Alan Turing is widely considered the first computer scientist. He was a mathematician. Computer science is historically an after-effect of mathematics. Of course, computer science and computer programming can be very different, and you're right, often computer programming is not about mathematics - it's often about "grunt work" (translating data formats between different systems, for example).
> Because much programming is based on > intuition, not in science: programming, in the end, is an art and a > craft before it is a science.
As is mathematics.
> >TAOCP is rather mathematical, and it is probably one of the two or > >three texts that every computer programmer should own. > > It's now dated, and therefore only of interest to computer scientists.
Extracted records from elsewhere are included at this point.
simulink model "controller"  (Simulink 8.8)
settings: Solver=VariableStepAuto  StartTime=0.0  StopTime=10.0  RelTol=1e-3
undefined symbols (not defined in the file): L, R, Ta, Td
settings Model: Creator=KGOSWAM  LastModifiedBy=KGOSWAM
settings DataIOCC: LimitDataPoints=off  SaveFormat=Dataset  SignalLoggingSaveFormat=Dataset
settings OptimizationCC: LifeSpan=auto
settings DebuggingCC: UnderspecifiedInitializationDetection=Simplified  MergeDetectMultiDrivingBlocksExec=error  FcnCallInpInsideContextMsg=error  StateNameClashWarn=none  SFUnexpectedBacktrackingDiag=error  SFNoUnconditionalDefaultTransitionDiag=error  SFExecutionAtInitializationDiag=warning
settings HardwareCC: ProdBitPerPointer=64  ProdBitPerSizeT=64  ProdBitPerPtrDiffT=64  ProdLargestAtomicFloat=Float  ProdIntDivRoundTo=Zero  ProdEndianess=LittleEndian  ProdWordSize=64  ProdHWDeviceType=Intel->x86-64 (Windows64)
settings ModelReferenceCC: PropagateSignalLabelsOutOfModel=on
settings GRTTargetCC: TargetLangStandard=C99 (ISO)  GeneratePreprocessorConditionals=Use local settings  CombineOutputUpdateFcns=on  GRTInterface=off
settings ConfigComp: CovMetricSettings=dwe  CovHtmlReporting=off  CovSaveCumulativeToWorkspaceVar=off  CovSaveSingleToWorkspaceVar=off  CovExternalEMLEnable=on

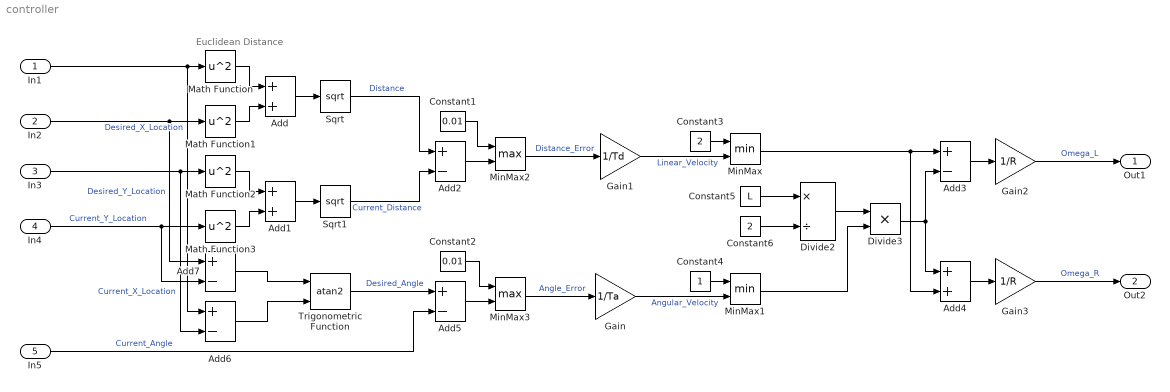
== system controller ==
  note: Euclidean Distance
  In1 : Inport
  In2 : Inport  Port=2
  In3 : Inport  Port=3
  In4 : Inport  Port=4
  In5 : Inport  Port=5
  Add : Sum
  Add1 : Sum
  Add{2..3,5..7} (5 alike) : Sum  Inputs=+-
  Add4 : Sum
  Constant1 : Constant  Value=0.01
  Constant2 : Constant  Value=0.01
  Constant3 : Constant  Value=2
  Constant4 : Constant
  Constant5 : Constant  Value=L
  Constant6 : Constant  Value=2
  Divide2 : Product  Inputs=*/
  Divide3 : Product  Inputs=**
  Gain : Gain  Gain=1/Ta
  Gain1 : Gain  Gain=1/Td
  Gain2 : Gain  Gain=1/R
  Gain3 : Gain  Gain=1/R
  Math Function{,1..3} (4 alike) : Math  Operator=square  SaturateOnIntegerOverflow=on
  MinMax : MinMax  Inputs=2
  MinMax1 : MinMax  Inputs=2
  MinMax2 : MinMax  Function=max  Inputs=2
  MinMax3 : MinMax  Function=max  Inputs=2
  Sqrt : Sqrt  SaturateOnIntegerOverflow=on
  Sqrt1 : Sqrt  SaturateOnIntegerOverflow=on
  Trigonometric Function : Trigonometry  Operator=atan2
  Out1 : Outport
  Out2 : Outport  Port=2
  wires:
  In1/1 -> Add6/1, Math Function/1  "Desired_X_Location"
  In2/1 -> Add7/1, Math Function1/1  "Desired_Y_Location"
  Math Function/1 -> Add/1
  Math Function1/1 -> Add/2
  Add/1 -> Sqrt/1
  Sqrt/1 -> Add2/1  "Distance"
  In3/1 -> Add6/2, Math Function2/1  "Current_X_Location"
  In4/1 -> Add7/2, Math Function3/1  "Current_Y_Location"
  Math Function2/1 -> Add1/1
  Math Function3/1 -> Add1/2
  Add1/1 -> Sqrt1/1
  Sqrt1/1 -> Add2/2  "Current_Distance"
  MinMax2/1 -> Gain1/1  "Distance_Error"
  MinMax3/1 -> Gain/1  "Angle_Error"
  Gain1/1 -> MinMax/2  "Linear_Velocity"
  Constant3/1 -> MinMax/1
  Gain/1 -> MinMax1/2  "Angular_Velocity"
  Constant4/1 -> MinMax1/1
  MinMax/1 -> Add4/2, Add3/1
  Constant5/1 -> Divide2/1
  Constant6/1 -> Divide2/2
  Divide2/1 -> Divide3/1
  MinMax1/1 -> Divide3/2
  Divide3/1 -> Add4/1, Add3/2
  Gain2/1 -> Out1/1  "Omega_L"
  Gain3/1 -> Out2/1  "Omega_R"
  Add7/1 -> Trigonometric Function/1
  Add6/1 -> Trigonometric Function/2
  Trigonometric Function/1 -> Add5/1  "Desired_Angle"
  In5/1 -> Add5/2  "Current_Angle"
  Add2/1 -> MinMax2/2
  Constant1/1 -> MinMax2/1
  Add5/1 -> MinMax3/2
  Constant2/1 -> MinMax3/1
  Add3/1 -> Gain2/1
  Add4/1 -> Gain3/1

Read some comp.* newsgroups and see how many times the answer to a question "how do I ..." is "see TAOCP".
> Today we have object orientation, and that has changed the way we see > the world of computers and programming. For a more modern treatment of > algorithms, you can try Sedgewick, for example, and pay good attention > to how the math detail only springs out occasionally: much of that > text is targeted at improving one's programming intuition.
Oddly enough, I was considering mentioning Sedgewick's books ("Algorithms in [language of choice]") as another example of textbooks with significant mathematical content. This is probably another instance of your too-narrow interpretation of the word "mathematics". (Just because it doesn't have an equation in it doesn't mean it's not mathematics.)
> >I have defined the reference for measurement of length - the unit cube > >has sides of length "one". It's rather difficult to call the length > >of two adjacent unit cubes "one" without violating logic and > >definitions (either that or it's just stupid). > > In other words: you have restricted your problem space so much that it > ceased to be relevant to the original point, which was, to teach > problem space concepts to children in problem space.
The purpose of Cuisenaire rods is to teach addition and multiplication of small integers.
> IF we fix the standard, if, if, if, if, then maybe your imagery is > valid;
We did, did, did, did, fix the standard - I explicitly said that's what the "unit" in "unit cube" does.
> but I reject the idea that fixing all those ifs for the sake of > a nineteenth century view of mathematical modeling is a good idea, > here and today, as far as teaching our kids goes.
We're really not doing mathematical modelling with Cuisenaire rods. Mathematical modelling can't be done until we've actual learned mathematics.
> >The model should not depend on units. Only the measurements and the > >computations should see the units. > > The model DOES depend on units. Newton's gravitational constant > changes depending on which units we have, measurements can be > falsified if we don't use a coherent set of measurement yardsticks, > and so on.
Newton's gravitational constant does not change depending on the units. Its numerical value changes. 1 inch equals 2.54 cm, even though 1 does not equal 2.54.
It is assumed that measurements are made consistently with respect to some standard, and that measurement units are converted where necessary into compatible units prior to calculation.
Newton's law of gravity is F=GMm/r^2. There are no units in that equation.